* Try it
Show every line in the entries below where the word "Normalizer" appears.

>>>

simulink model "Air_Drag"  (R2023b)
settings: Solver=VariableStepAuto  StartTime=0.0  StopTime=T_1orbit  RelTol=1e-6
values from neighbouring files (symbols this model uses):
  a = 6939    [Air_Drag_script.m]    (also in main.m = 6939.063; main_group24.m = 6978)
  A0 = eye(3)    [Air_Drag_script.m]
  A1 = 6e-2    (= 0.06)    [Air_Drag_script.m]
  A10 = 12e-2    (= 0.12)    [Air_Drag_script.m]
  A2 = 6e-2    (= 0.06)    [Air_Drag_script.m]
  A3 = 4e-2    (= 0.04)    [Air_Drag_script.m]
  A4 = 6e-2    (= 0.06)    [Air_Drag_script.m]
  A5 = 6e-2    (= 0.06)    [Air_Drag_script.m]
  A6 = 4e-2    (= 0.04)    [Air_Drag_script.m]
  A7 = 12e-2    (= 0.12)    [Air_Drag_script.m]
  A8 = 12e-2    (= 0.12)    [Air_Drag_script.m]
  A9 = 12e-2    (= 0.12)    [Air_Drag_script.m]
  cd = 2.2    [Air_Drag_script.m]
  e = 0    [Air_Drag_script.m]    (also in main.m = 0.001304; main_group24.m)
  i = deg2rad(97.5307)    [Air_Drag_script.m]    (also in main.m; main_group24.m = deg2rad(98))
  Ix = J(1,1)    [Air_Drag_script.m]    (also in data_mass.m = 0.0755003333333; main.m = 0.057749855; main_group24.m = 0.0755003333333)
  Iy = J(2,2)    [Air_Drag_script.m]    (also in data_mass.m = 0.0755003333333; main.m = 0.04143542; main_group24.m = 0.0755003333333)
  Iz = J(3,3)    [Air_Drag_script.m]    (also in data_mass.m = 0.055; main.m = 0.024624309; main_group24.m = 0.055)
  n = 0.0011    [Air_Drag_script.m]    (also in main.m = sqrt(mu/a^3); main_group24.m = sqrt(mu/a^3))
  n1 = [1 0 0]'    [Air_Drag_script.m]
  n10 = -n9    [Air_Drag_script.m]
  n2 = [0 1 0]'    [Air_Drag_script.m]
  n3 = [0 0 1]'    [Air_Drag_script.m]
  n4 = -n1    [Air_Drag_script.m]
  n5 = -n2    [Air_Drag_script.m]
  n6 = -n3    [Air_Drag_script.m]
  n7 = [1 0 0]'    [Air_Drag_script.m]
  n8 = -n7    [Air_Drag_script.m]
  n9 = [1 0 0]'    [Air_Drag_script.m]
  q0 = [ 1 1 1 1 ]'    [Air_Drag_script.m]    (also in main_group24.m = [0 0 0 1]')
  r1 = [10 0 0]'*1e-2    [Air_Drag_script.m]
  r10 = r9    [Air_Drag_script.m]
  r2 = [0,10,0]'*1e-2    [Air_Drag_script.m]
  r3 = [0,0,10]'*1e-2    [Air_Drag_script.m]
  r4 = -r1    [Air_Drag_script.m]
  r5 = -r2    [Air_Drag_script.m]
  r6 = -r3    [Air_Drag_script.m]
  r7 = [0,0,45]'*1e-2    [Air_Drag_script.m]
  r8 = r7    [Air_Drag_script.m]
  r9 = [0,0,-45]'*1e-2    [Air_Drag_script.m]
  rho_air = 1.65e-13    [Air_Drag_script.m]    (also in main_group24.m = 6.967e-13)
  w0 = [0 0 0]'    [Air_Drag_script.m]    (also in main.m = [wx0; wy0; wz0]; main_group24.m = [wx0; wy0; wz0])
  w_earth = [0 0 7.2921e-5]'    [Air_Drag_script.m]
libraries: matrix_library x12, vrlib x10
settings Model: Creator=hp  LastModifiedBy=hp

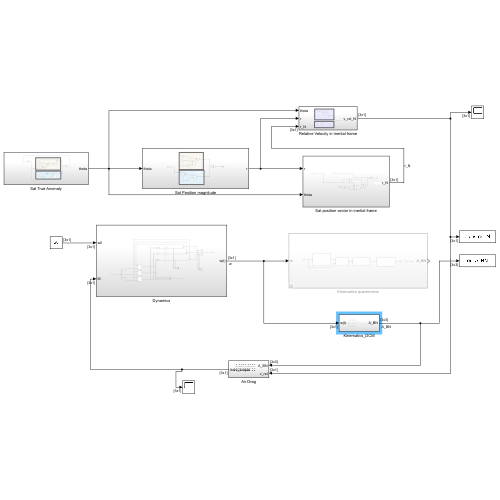
[thumbnail: Simulink's stored preview of the top-level diagram]
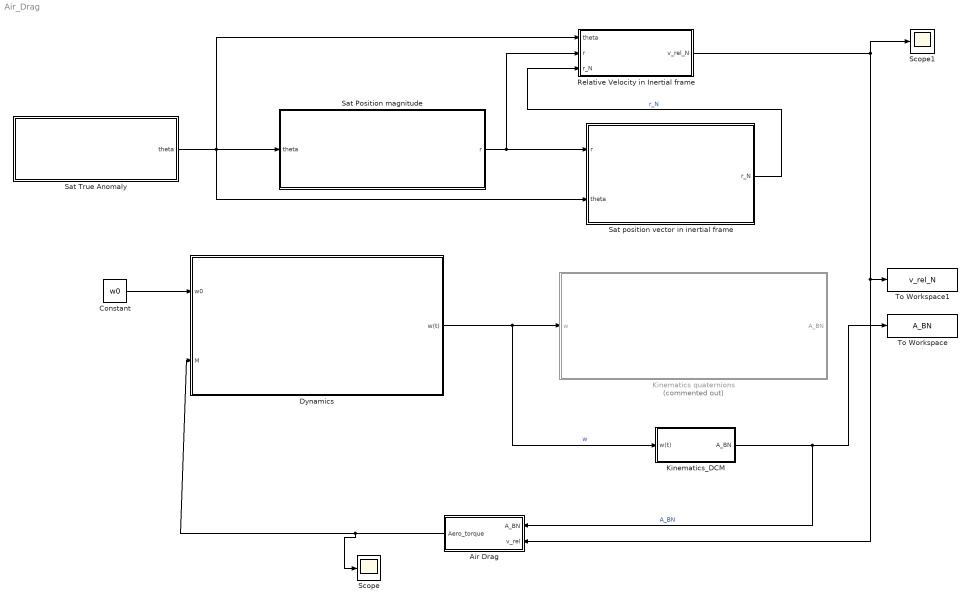
== system Air_Drag ==
  Air Drag : Subsystem
  Constant : Constant  Value=w0  VectorParams1D=off
  Dynamics : Subsystem
  Kinematics quaternions : Subsystem  Commented=on
  Kinematics_DCM : Subsystem
  Relative Velocity in Inertial frame : Subsystem
  Sat Position magnitude : Subsystem
  Sat True Anomaly : Subsystem
  Sat position vector in inertial frame : Subsystem
  Scope : Scope
  Scope1 : Scope
  To Workspace : ToWorkspace  VariableName=A_BN  SaveFormat=Timeseries  SampleTime=-1
  To Workspace1 : ToWorkspace  VariableName=v_rel_N  SaveFormat=Timeseries  SampleTime=-1
  wires:
  Sat True Anomaly/1(theta) -> Relative Velocity in Inertial frame/1(theta), Sat position vector in inertial frame/2(theta), Sat Position magnitude/1(theta)
  Sat Position magnitude/1(r) -> Sat position vector in inertial frame/1(r), Relative Velocity in Inertial frame/2(r)
  Sat position vector in inertial frame/1(r_N) -> Relative Velocity in Inertial frame/3(r_N)  "r_N"
  Dynamics/1(w(t)) -> Kinematics_DCM/1(w(t)), Kinematics quaternions/1(w)  "w"
  Constant/1 -> Dynamics/1(w0)
  Relative Velocity in Inertial frame/1(v_rel_N) -> To Workspace1/1, Air Drag/2(v_rel), Scope1/1
  Air Drag/1(Aero_torque) -> Scope/1, Dynamics/2(M)
  Kinematics_DCM/1(A_BN) -> Air Drag/1(A_BN), To Workspace/1  "A_BN"

== system Air_Drag/Air Drag ==
  A_BN : Inport
  v_rel : Inport  Port=2
  Sum of Elements : Sum  Inputs=++++++++++
  T1 : Subsystem
  T10 : Subsystem
  T2 : Subsystem
  T3 : Subsystem
  T4 : Subsystem
  T5 : Subsystem
  T6 : Subsystem
  T7 : Subsystem
  T8 : Subsystem
  T9 : Subsystem
  Aero_torque : Outport
  wires:
  Sum of Elements/1 -> Aero_torque/1
  v_rel/1 -> T10/1(v_rel_N), T7/1(v_rel_N), T6/1(v_rel_N), T2/1(v_rel_N), T1/1(v_rel_N), T3/1(v_rel_N), T4/1(v_rel_N), T5/1(v_rel_N), T8/1(v_rel_N), T9/1(v_rel_N)  "v_rel_N"
  A_BN/1 -> T8/2(A_BN), T5/2(A_BN), T4/2(A_BN), T2/2(A_BN), T1/2(A_BN), T3/2(A_BN), T6/2(A_BN), T7/2(A_BN), T9/2(A_BN), T10/2(A_BN)
  T1/1(Out1) -> Sum of Elements/1
  T2/1(Out1) -> Sum of Elements/2
  T3/1(Out1) -> Sum of Elements/3
  T4/1(Out1) -> Sum of Elements/4
  T5/1(Out1) -> Sum of Elements/5
  T6/1(Out1) -> Sum of Elements/6
  T7/1(Out1) -> Sum of Elements/7
  T8/1(Out1) -> Sum of Elements/8
  T9/1(Out1) -> Sum of Elements/9
  T10/1(Out1) -> Sum of Elements/10

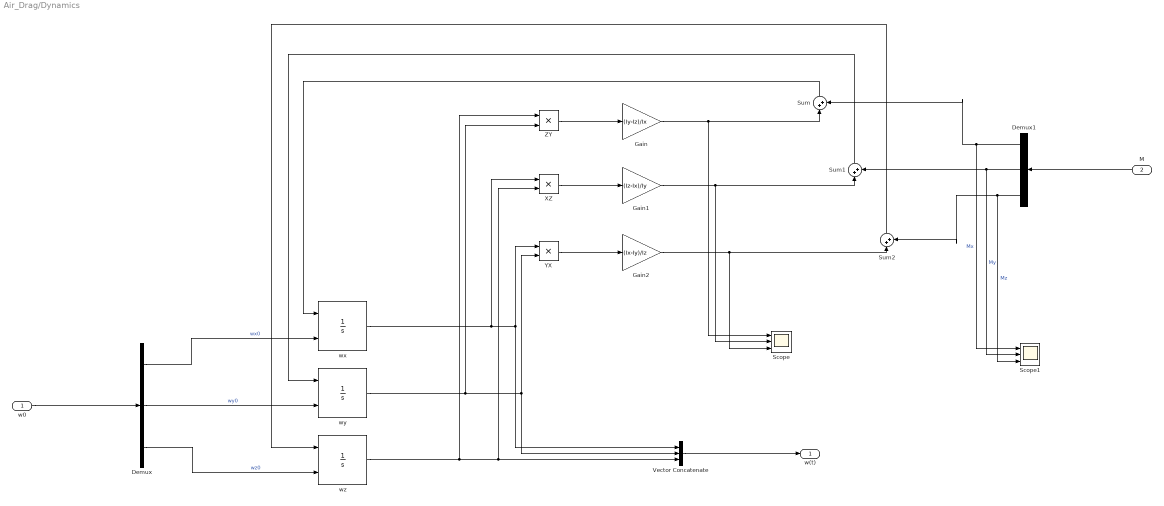
== system Air_Drag/Dynamics ==
  w0 : Inport
  M : Inport  Port=2
  Demux : Demux  Outputs=3
  Demux1 : Demux  Outputs=3
  Gain : Gain  Gain=(Iy-Iz)/Ix
  Gain1 : Gain  Gain=(Iz-Ix)/Iy
  Gain2 : Gain  Gain=(Ix-Iy)/Iz
  Scope : Scope  NumInputPorts=3
  Scope1 : Scope  NumInputPorts=3
  Sum : Sum  Inputs=|++
  Sum1 : Sum  Inputs=|++
  Sum2 : Sum  Inputs=|++
  Vector Concatenate : Concatenate  NumInputs=3  Mode=Multidimensional array
  XZ : Product
  YX : Product
  ZY : Product
  wx : Integrator  InitialConditionSource=external
  wy : Integrator  InitialConditionSource=external
  wz : Integrator  InitialConditionSource=external
  w(t) : Outport
  wires:
  XZ/1 -> Gain1/1
  Demux/2 -> wy/2  "wy0"
  wx/1 -> XZ/1, Vector Concatenate/1, YX/1
  w0/1 -> Demux/1
  wy/1 -> Vector Concatenate/2, YX/2, ZY/2
  Demux/1 -> wx/2  "wx0"
  wz/1 -> ZY/1, Vector Concatenate/3, XZ/2
  YX/1 -> Gain2/1
  Demux/3 -> wz/2  "wz0"
  ZY/1 -> Gain/1
  Vector Concatenate/1 -> w(t)/1
  Gain2/1 -> Scope/3, Sum2/1
  Gain1/1 -> Scope/2, Sum1/1
  Gain/1 -> Scope/1, Sum/1
  Sum/1 -> wx/1
  Sum1/1 -> wy/1
  Sum2/1 -> wz/1
  Demux1/1 -> Scope1/1, Sum/2  "Mx"
  Demux1/2 -> Scope1/2, Sum1/2  "My"
  Demux1/3 -> Sum2/2, Scope1/3  "Mz"
  M/1 -> Demux1/1

== system Air_Drag/Kinematics quaternions ==
  w : Inport
  A_BN from q_vect : MATLAB Function  TreatAsAtomicUnit=on
  Create Omega Matrix : Subsystem
  Kinematics_quaternions : Subsystem
  Normalizer : Subsystem
  w_at_matrix : Subsystem
  A_BN : Outport
  wires:
  Kinematics_quaternions/1(q_vect) -> A_BN from q_vect/1(q_vect)
  A_BN from q_vect/1(A_BN) -> Normalizer/1(A_BN)
  w/1 -> Create Omega Matrix/2(w), w_at_matrix/1(w(t))
  Create Omega Matrix/1(Omega) -> Kinematics_quaternions/1(Omega)  "Omega"
  w_at_matrix/1("[-w^]") -> Create Omega Matrix/1("[w^]")  "[-w^]"
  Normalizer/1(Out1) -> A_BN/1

<<<

* Output below
  Normalizer : Subsystem
  A_BN from q_vect/1(A_BN) -> Normalizer/1(A_BN)
  Normalizer/1(Out1) -> A_BN/1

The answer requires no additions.